◆ Material to process:
══════════════════════════════

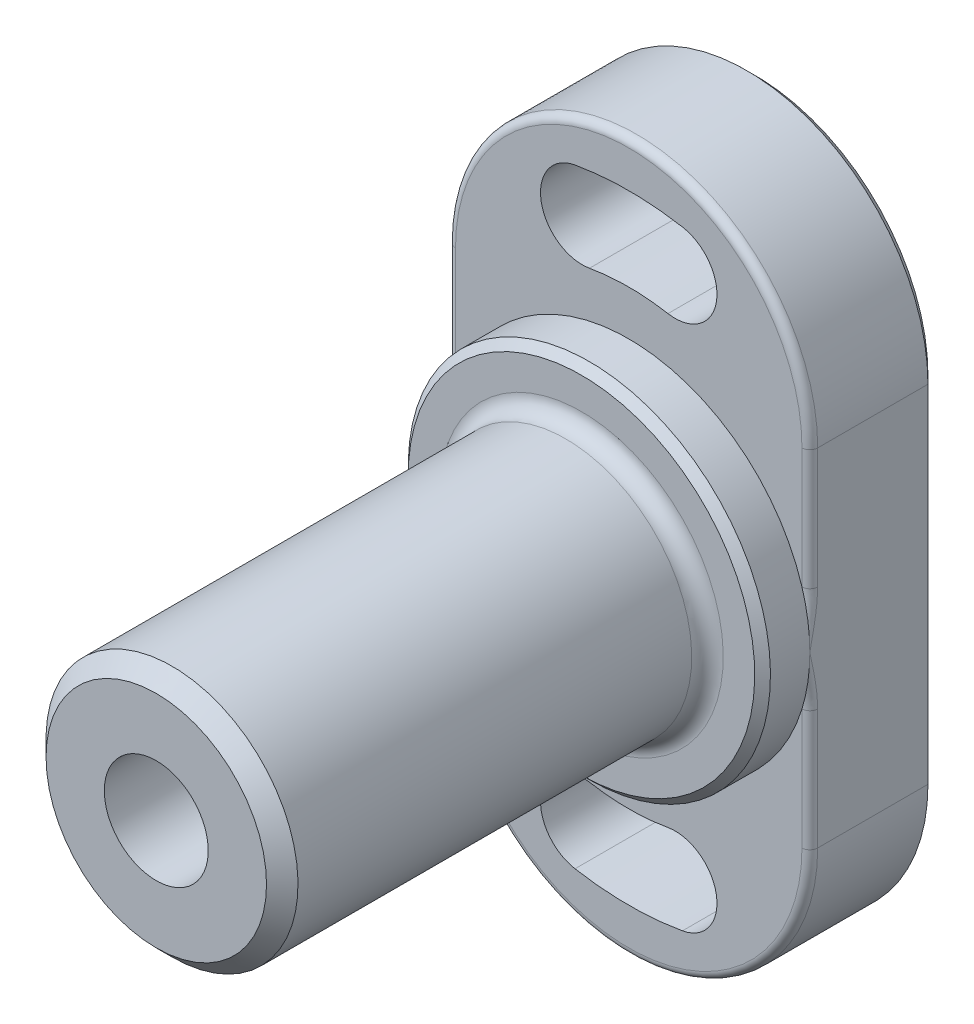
ISO-10303-21;
HEADER;
FILE_DESCRIPTION(('STEP AP214'),'2;1');
FILE_NAME('part.step','',(''),(''),'','','');
FILE_SCHEMA(('AUTOMOTIVE_DESIGN { 1 0 10303 214 1 1 1 1 }'));
ENDSEC;
DATA;
#1=APPLICATION_CONTEXT('core data for automotive mechanical design processes');
#2=APPLICATION_PROTOCOL_DEFINITION('international standard','automotive_design',2000,#1);
#3=PRODUCT_CONTEXT('',#1,'mechanical');
#4=PRODUCT('Part','Part','',(#3));
#5=PRODUCT_RELATED_PRODUCT_CATEGORY('part','',(#4));
#6=PRODUCT_DEFINITION_FORMATION('','',#4);
#7=PRODUCT_DEFINITION_CONTEXT('part definition',#1,'design');
#8=PRODUCT_DEFINITION('design','',#6,#7);
#9=PRODUCT_DEFINITION_SHAPE('','',#8);
#10=(LENGTH_UNIT() NAMED_UNIT(*) SI_UNIT(.MILLI.,.METRE.));
#11=(NAMED_UNIT(*) PLANE_ANGLE_UNIT() SI_UNIT($,.RADIAN.));
#12=(NAMED_UNIT(*) SI_UNIT($,.STERADIAN.) SOLID_ANGLE_UNIT());
#13=UNCERTAINTY_MEASURE_WITH_UNIT(LENGTH_MEASURE(1.E-05),#10,'distance_accuracy_value','');
#14=(GEOMETRIC_REPRESENTATION_CONTEXT(3) GLOBAL_UNCERTAINTY_ASSIGNED_CONTEXT((#13)) GLOBAL_UNIT_ASSIGNED_CONTEXT((#10,
#11,#12)) REPRESENTATION_CONTEXT('',''));
#15=CARTESIAN_POINT('',(0.,0.,0.));
#16=DIRECTION('',(0.,0.,1.));
#17=DIRECTION('',(1.,0.,0.));
#18=AXIS2_PLACEMENT_3D('',#15,#16,#17);
#19=CARTESIAN_POINT('',(8.,0.,38.));
#20=DIRECTION('',(0.,0.,1.));
#21=DIRECTION('',(0.,-1.,0.));
#22=AXIS2_PLACEMENT_3D('',#19,#20,#21);
#23=PLANE('',#22);
#24=CARTESIAN_POINT('',(0.,0.,38.));
#25=DIRECTION('',(0.,0.,1.));
#26=DIRECTION('',(0.,-1.,0.));
#27=AXIS2_PLACEMENT_3D('',#24,#25,#26);
#28=CIRCLE('',#27,7.);
#29=CARTESIAN_POINT('',(0.,-7.,38.));
#30=VERTEX_POINT('',#29);
#31=EDGE_CURVE('E9',#30,#30,#28,.T.);
#32=ORIENTED_EDGE('',*,*,#31,.T.);
#33=EDGE_LOOP('',(#32));
#34=FACE_BOUND('',#33,.T.);
#35=CARTESIAN_POINT('',(0.,0.,38.));
#36=DIRECTION('',(0.,0.,-1.));
#37=DIRECTION('',(0.,1.,0.));
#38=AXIS2_PLACEMENT_3D('',#35,#36,#37);
#39=CIRCLE('',#38,3.3);
#40=CARTESIAN_POINT('',(0.,3.3,38.));
#41=VERTEX_POINT('',#40);
#42=EDGE_CURVE('E210',#41,#41,#39,.T.);
#43=ORIENTED_EDGE('',*,*,#42,.T.);
#44=EDGE_LOOP('',(#43));
#45=FACE_BOUND('',#44,.T.);
#46=ADVANCED_FACE('F14',(#34,#45),#23,.T.);
#47=CARTESIAN_POINT('',(0.,0.,0.));
#48=DIRECTION('',(0.,0.,-1.));
#49=DIRECTION('',(0.,1.,0.));
#50=AXIS2_PLACEMENT_3D('',#47,#48,#49);
#51=CYLINDRICAL_SURFACE('',#50,8.);
#52=CARTESIAN_POINT('',(0.,0.,37.));
#53=DIRECTION('',(0.,0.,1.));
#54=DIRECTION('',(0.,-1.,0.));
#55=AXIS2_PLACEMENT_3D('',#52,#53,#54);
#56=CIRCLE('',#55,8.);
#57=CARTESIAN_POINT('',(0.,-8.,37.));
#58=VERTEX_POINT('',#57);
#59=EDGE_CURVE('E22',#58,#58,#56,.F.);
#60=ORIENTED_EDGE('',*,*,#59,.T.);
#61=EDGE_LOOP('',(#60));
#62=FACE_BOUND('',#61,.T.);
#63=CARTESIAN_POINT('',(0.,0.,12.));
#64=DIRECTION('',(0.,0.,1.));
#65=DIRECTION('',(0.,-1.,0.));
#66=AXIS2_PLACEMENT_3D('',#63,#64,#65);
#67=CIRCLE('',#66,8.);
#68=CARTESIAN_POINT('',(0.,-8.,12.));
#69=VERTEX_POINT('',#68);
#70=EDGE_CURVE('E569',#69,#69,#67,.T.);
#71=ORIENTED_EDGE('',*,*,#70,.T.);
#72=EDGE_LOOP('',(#71));
#73=FACE_BOUND('',#72,.T.);
#74=ADVANCED_FACE('F375',(#62,#73),#51,.T.);
#75=CARTESIAN_POINT('',(0.,0.,8.));
#76=DIRECTION('',(0.,0.,-1.));
#77=DIRECTION('',(0.,1.,0.));
#78=AXIS2_PLACEMENT_3D('',#75,#76,#77);
#79=PLANE('',#78);
#80=CARTESIAN_POINT('',(0.,0.,8.));
#81=DIRECTION('',(0.,0.,-1.));
#82=DIRECTION('',(0.,1.,0.));
#83=AXIS2_PLACEMENT_3D('',#80,#81,#82);
#84=CIRCLE('',#83,3.3);
#85=CARTESIAN_POINT('',(0.,3.3,8.));
#86=VERTEX_POINT('',#85);
#87=EDGE_CURVE('E579',#86,#86,#84,.T.);
#88=ORIENTED_EDGE('',*,*,#87,.F.);
#89=EDGE_LOOP('',(#88));
#90=FACE_BOUND('',#89,.T.);
#91=ADVANCED_FACE('F382',(#90),#79,.F.);
#92=CARTESIAN_POINT('',(0.,0.,0.));
#93=DIRECTION('',(0.,0.,-1.));
#94=DIRECTION('',(0.,1.,0.));
#95=AXIS2_PLACEMENT_3D('',#92,#93,#94);
#96=CYLINDRICAL_SURFACE('',#95,3.3);
#97=ORIENTED_EDGE('',*,*,#42,.F.);
#98=EDGE_LOOP('',(#97));
#99=FACE_BOUND('',#98,.T.);
#100=ORIENTED_EDGE('',*,*,#87,.T.);
#101=EDGE_LOOP('',(#100));
#102=FACE_BOUND('',#101,.T.);
#103=ADVANCED_FACE('F667',(#99,#102),#96,.F.);
#104=CARTESIAN_POINT('',(8.,0.,11.));
#105=DIRECTION('',(0.,0.,1.));
#106=DIRECTION('',(0.,-1.,0.));
#107=AXIS2_PLACEMENT_3D('',#104,#105,#106);
#108=PLANE('',#107);
#109=CARTESIAN_POINT('',(0.,0.,11.));
#110=DIRECTION('',(0.,0.,1.));
#111=DIRECTION('',(0.,-1.,0.));
#112=AXIS2_PLACEMENT_3D('',#109,#110,#111);
#113=CIRCLE('',#112,11.);
#114=CARTESIAN_POINT('',(0.,-11.,11.));
#115=VERTEX_POINT('',#114);
#116=EDGE_CURVE('E653',#115,#115,#113,.T.);
#117=ORIENTED_EDGE('',*,*,#116,.T.);
#118=EDGE_LOOP('',(#117));
#119=FACE_BOUND('',#118,.T.);
#120=CARTESIAN_POINT('',(0.,0.,11.));
#121=DIRECTION('',(0.,0.,1.));
#122=DIRECTION('',(0.,-1.,0.));
#123=AXIS2_PLACEMENT_3D('',#120,#121,#122);
#124=CIRCLE('',#123,9.);
#125=CARTESIAN_POINT('',(0.,-9.,11.));
#126=VERTEX_POINT('',#125);
#127=EDGE_CURVE('E566',#126,#126,#124,.F.);
#128=ORIENTED_EDGE('',*,*,#127,.T.);
#129=EDGE_LOOP('',(#128));
#130=FACE_BOUND('',#129,.T.);
#131=ADVANCED_FACE('F665',(#119,#130),#108,.T.);
#132=CARTESIAN_POINT('',(0.,0.,0.));
#133=DIRECTION('',(0.,0.,-1.));
#134=DIRECTION('',(0.,1.,0.));
#135=AXIS2_PLACEMENT_3D('',#132,#133,#134);
#136=CYLINDRICAL_SURFACE('',#135,11.5);
#137=CARTESIAN_POINT('',(0.,0.,10.5));
#138=DIRECTION('',(0.,0.,1.));
#139=DIRECTION('',(0.,-1.,0.));
#140=AXIS2_PLACEMENT_3D('',#137,#138,#139);
#141=CIRCLE('',#140,11.5);
#142=CARTESIAN_POINT('',(0.,-11.5,10.5));
#143=VERTEX_POINT('',#142);
#144=EDGE_CURVE('E650',#143,#143,#141,.F.);
#145=ORIENTED_EDGE('',*,*,#144,.T.);
#146=EDGE_LOOP('',(#145));
#147=FACE_BOUND('',#146,.T.);
#148=CARTESIAN_POINT('',(0.,0.,8.));
#149=DIRECTION('',(0.,0.,-1.));
#150=DIRECTION('',(0.,1.,0.));
#151=AXIS2_PLACEMENT_3D('',#148,#149,#150);
#152=CIRCLE('',#151,11.5);
#153=CARTESIAN_POINT('',(11.5,0.,8.));
#154=VERTEX_POINT('',#153);
#155=CARTESIAN_POINT('',(11.,-3.35410196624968,8.));
#156=VERTEX_POINT('',#155);
#157=EDGE_CURVE('E200',#154,#156,#152,.T.);
#158=ORIENTED_EDGE('',*,*,#157,.F.);
#159=CARTESIAN_POINT('',(11.,3.35410196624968,8.));
#160=VERTEX_POINT('',#159);
#161=EDGE_CURVE('E203',#160,#154,#152,.T.);
#162=ORIENTED_EDGE('',*,*,#161,.F.);
#163=CARTESIAN_POINT('',(-11.,3.35410196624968,8.));
#164=VERTEX_POINT('',#163);
#165=EDGE_CURVE('E217',#164,#160,#152,.T.);
#166=ORIENTED_EDGE('',*,*,#165,.F.);
#167=CARTESIAN_POINT('',(-11.5,0.,8.));
#168=VERTEX_POINT('',#167);
#169=EDGE_CURVE('E213',#168,#164,#152,.T.);
#170=ORIENTED_EDGE('',*,*,#169,.F.);
#171=CARTESIAN_POINT('',(-11.,-3.35410196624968,8.));
#172=VERTEX_POINT('',#171);
#173=EDGE_CURVE('E212',#172,#168,#152,.T.);
#174=ORIENTED_EDGE('',*,*,#173,.F.);
#175=EDGE_CURVE('E206',#156,#172,#152,.T.);
#176=ORIENTED_EDGE('',*,*,#175,.F.);
#177=EDGE_LOOP('',(#158,#162,#166,#170,#174,#176));
#178=FACE_BOUND('',#177,.T.);
#179=ADVANCED_FACE('F201',(#147,#178),#136,.T.);
#180=CARTESIAN_POINT('',(0.,11.,0.));
#181=DIRECTION('',(0.,0.,1.));
#182=DIRECTION('',(0.,-1.,0.));
#183=AXIS2_PLACEMENT_3D('',#180,#181,#182);
#184=PLANE('',#183);
#185=CARTESIAN_POINT('',(0.,11.,0.));
#186=DIRECTION('',(0.,0.,1.));
#187=DIRECTION('',(0.,-1.,0.));
#188=AXIS2_PLACEMENT_3D('',#185,#186,#187);
#189=CIRCLE('',#188,11.);
#190=CARTESIAN_POINT('',(-11.,11.,0.));
#191=VERTEX_POINT('',#190);
#192=CARTESIAN_POINT('',(11.,11.,0.));
#193=VERTEX_POINT('',#192);
#194=EDGE_CURVE('E975',#191,#193,#189,.F.);
#195=ORIENTED_EDGE('',*,*,#194,.T.);
#196=DIRECTION('',(0.,-1.,0.));
#197=VECTOR('',#196,1.);
#198=CARTESIAN_POINT('',(11.,11.,0.));
#199=LINE('',#198,#197);
#200=CARTESIAN_POINT('',(11.,-11.,0.));
#201=VERTEX_POINT('',#200);
#202=EDGE_CURVE('E966',#193,#201,#199,.T.);
#203=ORIENTED_EDGE('',*,*,#202,.T.);
#204=CARTESIAN_POINT('',(0.,-11.,0.));
#205=DIRECTION('',(0.,0.,1.));
#206=DIRECTION('',(0.,-1.,0.));
#207=AXIS2_PLACEMENT_3D('',#204,#205,#206);
#208=CIRCLE('',#207,11.);
#209=CARTESIAN_POINT('',(-11.,-11.,0.));
#210=VERTEX_POINT('',#209);
#211=EDGE_CURVE('E1029',#201,#210,#208,.F.);
#212=ORIENTED_EDGE('',*,*,#211,.T.);
#213=DIRECTION('',(0.,1.,0.));
#214=VECTOR('',#213,1.);
#215=CARTESIAN_POINT('',(-11.,11.,0.));
#216=LINE('',#215,#214);
#217=EDGE_CURVE('E1027',#210,#191,#216,.T.);
#218=ORIENTED_EDGE('',*,*,#217,.T.);
#219=EDGE_LOOP('',(#195,#203,#212,#218));
#220=FACE_BOUND('',#219,.T.);
#221=CARTESIAN_POINT('',(-2.95201902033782,-16.7417318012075,0.));
#222=DIRECTION('',(0.,0.,1.));
#223=DIRECTION('',(0.,-1.,0.));
#224=AXIS2_PLACEMENT_3D('',#221,#222,#223);
#225=CIRCLE('',#224,3.15);
#226=CARTESIAN_POINT('',(-2.40502726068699,-13.6395873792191,0.));
#227=VERTEX_POINT('',#226);
#228=CARTESIAN_POINT('',(-3.49901077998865,-19.843876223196,0.));
#229=VERTEX_POINT('',#228);
#230=EDGE_CURVE('E1007',#227,#229,#225,.T.);
#231=ORIENTED_EDGE('',*,*,#230,.T.);
#232=CARTESIAN_POINT('',(0.,0.,0.));
#233=DIRECTION('',(0.,0.,1.));
#234=DIRECTION('',(0.,-1.,0.));
#235=AXIS2_PLACEMENT_3D('',#232,#233,#234);
#236=CIRCLE('',#235,20.15);
#237=CARTESIAN_POINT('',(3.49901077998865,-19.843876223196,0.));
#238=VERTEX_POINT('',#237);
#239=EDGE_CURVE('E1024',#229,#238,#236,.T.);
#240=ORIENTED_EDGE('',*,*,#239,.T.);
#241=CARTESIAN_POINT('',(2.95201902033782,-16.7417318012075,0.));
#242=DIRECTION('',(0.,0.,1.));
#243=DIRECTION('',(0.,-1.,0.));
#244=AXIS2_PLACEMENT_3D('',#241,#242,#243);
#245=CIRCLE('',#244,3.15);
#246=CARTESIAN_POINT('',(2.40502726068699,-13.6395873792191,0.));
#247=VERTEX_POINT('',#246);
#248=EDGE_CURVE('E1021',#238,#247,#245,.T.);
#249=ORIENTED_EDGE('',*,*,#248,.T.);
#250=CARTESIAN_POINT('',(0.,0.,0.));
#251=DIRECTION('',(0.,0.,1.));
#252=DIRECTION('',(0.,-1.,0.));
#253=AXIS2_PLACEMENT_3D('',#250,#251,#252);
#254=CIRCLE('',#253,13.85);
#255=EDGE_CURVE('E1010',#247,#227,#254,.F.);
#256=ORIENTED_EDGE('',*,*,#255,.T.);
#257=EDGE_LOOP('',(#231,#240,#249,#256));
#258=FACE_BOUND('',#257,.T.);
#259=CARTESIAN_POINT('',(2.95201902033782,16.7417318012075,0.));
#260=DIRECTION('',(0.,0.,1.));
#261=DIRECTION('',(0.,-1.,0.));
#262=AXIS2_PLACEMENT_3D('',#259,#260,#261);
#263=CIRCLE('',#262,3.15);
#264=CARTESIAN_POINT('',(2.40502726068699,13.6395873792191,0.));
#265=VERTEX_POINT('',#264);
#266=CARTESIAN_POINT('',(3.49901077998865,19.843876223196,0.));
#267=VERTEX_POINT('',#266);
#268=EDGE_CURVE('E1042',#265,#267,#263,.T.);
#269=ORIENTED_EDGE('',*,*,#268,.T.);
#270=CARTESIAN_POINT('',(0.,0.,0.));
#271=DIRECTION('',(0.,0.,1.));
#272=DIRECTION('',(0.,-1.,0.));
#273=AXIS2_PLACEMENT_3D('',#270,#271,#272);
#274=CIRCLE('',#273,20.15);
#275=CARTESIAN_POINT('',(-3.49901077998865,19.843876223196,0.));
#276=VERTEX_POINT('',#275);
#277=EDGE_CURVE('E1039',#267,#276,#274,.T.);
#278=ORIENTED_EDGE('',*,*,#277,.T.);
#279=CARTESIAN_POINT('',(-2.95201902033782,16.7417318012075,0.));
#280=DIRECTION('',(0.,0.,1.));
#281=DIRECTION('',(0.,-1.,0.));
#282=AXIS2_PLACEMENT_3D('',#279,#280,#281);
#283=CIRCLE('',#282,3.15);
#284=CARTESIAN_POINT('',(-2.40502726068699,13.6395873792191,0.));
#285=VERTEX_POINT('',#284);
#286=EDGE_CURVE('E636',#276,#285,#283,.T.);
#287=ORIENTED_EDGE('',*,*,#286,.T.);
#288=CARTESIAN_POINT('',(0.,0.,0.));
#289=DIRECTION('',(0.,0.,1.));
#290=DIRECTION('',(0.,-1.,0.));
#291=AXIS2_PLACEMENT_3D('',#288,#289,#290);
#292=CIRCLE('',#291,13.85);
#293=EDGE_CURVE('E518',#285,#265,#292,.F.);
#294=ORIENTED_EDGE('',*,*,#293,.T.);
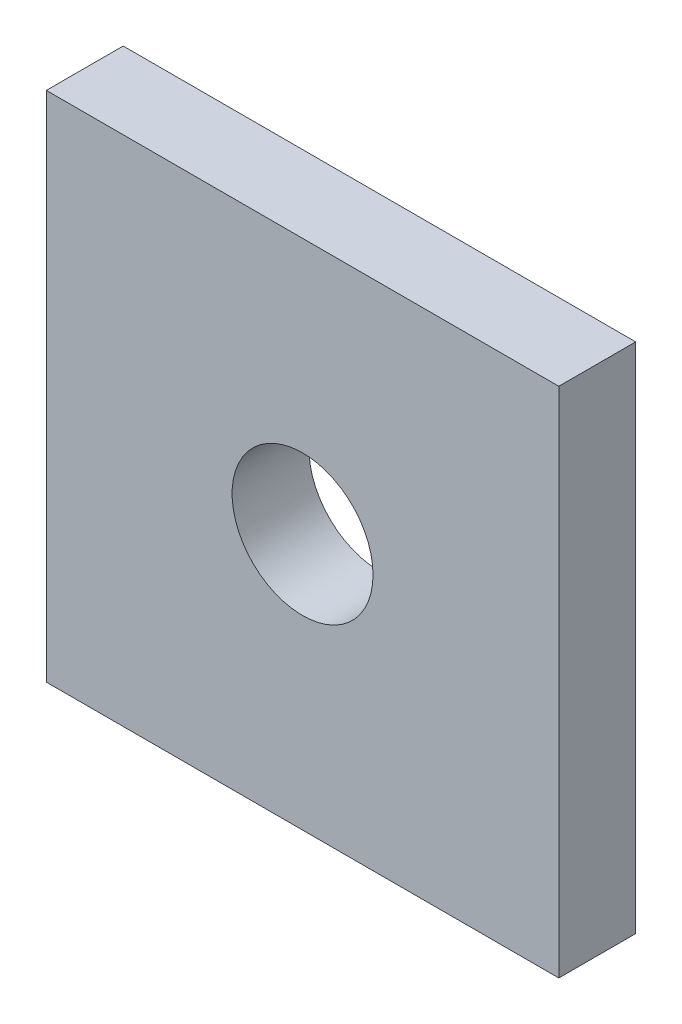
from build123d import *

# Parameters (mm, degrees)
SKETCH1_W      = 20
SKETCH1_H      = 20
SKETCH1_R      = 2.75
EXTRUDE1_DEPTH = 3


with BuildPart() as part:
    # Sketch1 → Extrude1 (new body)
    with BuildSketch(Plane.XY):
        with Locations((10, 10)):
            Rectangle(SKETCH1_W, SKETCH1_H)
        with Locations((10, 10)):
            Circle(SKETCH1_R, mode=Mode.SUBTRACT)
    extrude(amount=EXTRUDE1_DEPTH)


solid = part.part

══════════════════════════════

◆ How to complete this task: Give back, exactly as written, the lines from the top of the material above to the line containing "#16=DIRECTION('',(0.,0.,1.));", both included; skip every picture.

◆ Output for this task:
ISO-10303-21;
HEADER;
FILE_DESCRIPTION(('STEP AP214'),'2;1');
FILE_NAME('part.step','',(''),(''),'','','');
FILE_SCHEMA(('AUTOMOTIVE_DESIGN { 1 0 10303 214 1 1 1 1 }'));
ENDSEC;
DATA;
#1=APPLICATION_CONTEXT('core data for automotive mechanical design processes');
#2=APPLICATION_PROTOCOL_DEFINITION('international standard','automotive_design',2000,#1);
#3=PRODUCT_CONTEXT('',#1,'mechanical');
#4=PRODUCT('Part','Part','',(#3));
#5=PRODUCT_RELATED_PRODUCT_CATEGORY('part','',(#4));
#6=PRODUCT_DEFINITION_FORMATION('','',#4);
#7=PRODUCT_DEFINITION_CONTEXT('part definition',#1,'design');
#8=PRODUCT_DEFINITION('design','',#6,#7);
#9=PRODUCT_DEFINITION_SHAPE('','',#8);
#10=(LENGTH_UNIT() NAMED_UNIT(*) SI_UNIT(.MILLI.,.METRE.));
#11=(NAMED_UNIT(*) PLANE_ANGLE_UNIT() SI_UNIT($,.RADIAN.));
#12=(NAMED_UNIT(*) SI_UNIT($,.STERADIAN.) SOLID_ANGLE_UNIT());
#13=UNCERTAINTY_MEASURE_WITH_UNIT(LENGTH_MEASURE(1.E-05),#10,'distance_accuracy_value','');
#14=(GEOMETRIC_REPRESENTATION_CONTEXT(3) GLOBAL_UNCERTAINTY_ASSIGNED_CONTEXT((#13)) GLOBAL_UNIT_ASSIGNED_CONTEXT((#10,
#11,#12)) REPRESENTATION_CONTEXT('',''));
#15=CARTESIAN_POINT('',(0.,0.,0.));
#16=DIRECTION('',(0.,0.,1.));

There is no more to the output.